空气弥漫着浓郁的血腥味,腐臭在虚空飘荡,令人作呕。
澶珝碎站在尸堆上,周围的地板全是血水,他没有选择下去踩。
他的脸色有些难看。
空气全是刺鼻的味道,就算刚大战后喘的厉害,呼吸急促,他也只敢小口小口地吸着气。
主要是这味道太膈应人了,闻起来,他隔夜偷吃的牢饭都要吐了。
澶珝碎平复着呼吸,用脏了的手支撑着,慢慢坐了下去。
他身上的伤口处,鲜血染红了已经破损的白色衬衣,喘息间,他抬起另一只还算干净的手,擦了擦额头上的汗。
已经卷刃了的餐刀,被他放在了一旁触手可及的地方。
而在不远处,一个怪物庞大的尸体正躺着,尸身上有十几处被刀捅过的痕迹,伤口有些裂的大,有些小,这些都是澶珝碎捅出来的。
它的模样丑陋,身体大概小轿车那么大,绿色的外皮粗糙,上面有凹凸不平的坑,很像癞蛤蟆变异过来的。
这怪物流的血是绿色。
澶珝碎新奇地撇了几眼后,就不再那东西的尸体了,他脏了的手拿起一旁即使卷了刃还仍可攻击的餐刀,呼吸逐渐平缓,开始逐渐提高对周围的警惕。
他拿不准这里还会不会有其他的怪物,万一等一下从哪个犄角旮旯里突然窜出一个出来,他好不容易捡回来这条命,岂不亏大发了。
还不如刚开始就直接被吃掉。
澶珝碎不知道自己为什么会对这种拼命的搏斗很兴奋,不像一般人面对死亡的恐惧,他游刃有余地结束了这场战斗,伤口的疼痛刺激着他的神经,却令他感到畅快。
他等了一会儿,发现周围仍是一片寂静,再三思索下,他还是起了身,拿着餐刀,一步一步慢慢的走下了尸堆。
好吧,他承认自己的确有不小的洁癖。
可到这种危急关头了,他也只好放下这种膈应,抬起脚,毫不犹豫地踩在了血泊上。
这个空间看上去并不像一个房间的样子,澶珝碎看不到这个地方的边界,没有棱棱角角,没有一个房间该有的东西。

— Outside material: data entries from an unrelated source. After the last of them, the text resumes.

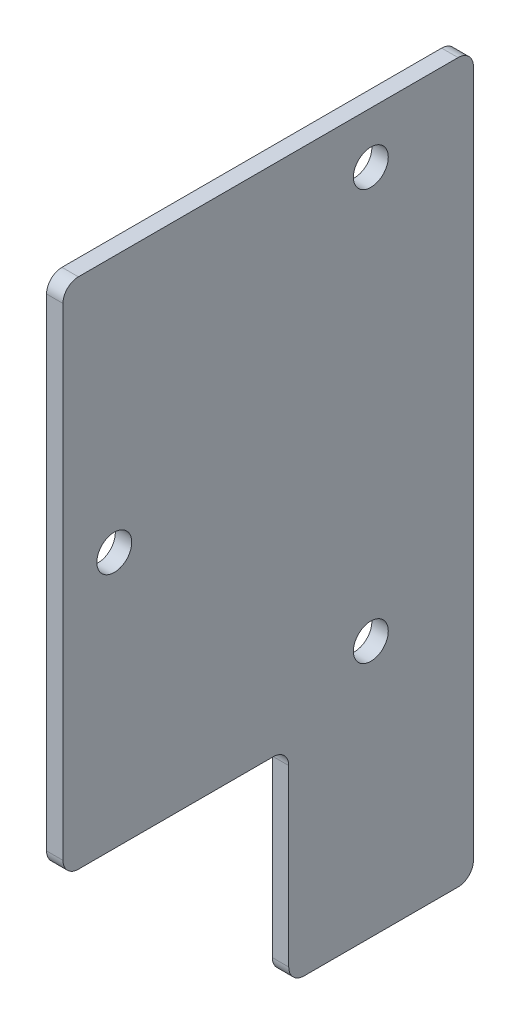
from build123d import *

# Parameters (mm, degrees)
BOSS_EXTRUDE1_DEPTH      = 1.6002
M3_CLEARANCE_HOLE1_D     = 3.4
M3_CLEARANCE_HOLE1_DEPTH = 6
M3_CLEARANCE_HOLE1_TIP   = 1.021463052
FILLET1_R                = 1.5


with BuildPart() as part:
    # Sketch1 → Boss-Extrude1 (new body)
    with BuildSketch(Plane(origin=(0, 0, 0), x_dir=(0, 0, -1), z_dir=(1, 0, 0))):
        Polygon((-20, 25), (20, 25), (20, -25), (20, -45), (2, -45), (2, -25), (-20, -25), align=None)
    extrude(amount=BOSS_EXTRUDE1_DEPTH)

    # M3 Clearance Hole1
    with Locations(Plane(origin=(1.6002, 0, 0), x_dir=(0, 0, -1), z_dir=(1, 0, 0))):
        with Locations((10, 20), (10, -20), (-15, 0)):
            Hole(M3_CLEARANCE_HOLE1_D / 2, depth=M3_CLEARANCE_HOLE1_DEPTH)
            with Locations((0, 0, -(M3_CLEARANCE_HOLE1_DEPTH + M3_CLEARANCE_HOLE1_TIP / 2))):  # 118° drill point
                Cone(0, M3_CLEARANCE_HOLE1_D / 2, M3_CLEARANCE_HOLE1_TIP, mode=Mode.SUBTRACT)

    # Fillet1
    fillet1_edges = [part.edges().sort_by_distance(p)[0] for p in [
        (0.8001, -45, -20),
        (0.8001, -45, -2),
        (0.8001, -25, -2),
        (0.8001, -25, 20),
        (0.8001, 25, 20),
        (0.8001, 25, -20),
    ]]
    fillet(fillet1_edges, radius=FILLET1_R)


solid = part.part

他在被强制吸进这个地方后,就非常迅速地遇上了刚才被他杀死的那个怪物,然后就是一番激烈的搏斗,他成功反杀了那个不符合常理的玩意儿。
怎么说呢,虽然过程十分坎坷,但是他至少活下来了不是?
既然活下来了,那他现在就要找活出去的路,坐以待毙就少了很多再活下去的机会。
只不过警惕还是要稳稳地保持着的。
周围到处都是尸骨,很多地方有碎骨头,残肢,这些都应该是那个怪物所吃剩的。
地面上的血泊看上去不是一下子就形成了的,而是日积月累所累积成的一层小小的水层,因为鲜血的侵染,而透着那种诡异且透明的红。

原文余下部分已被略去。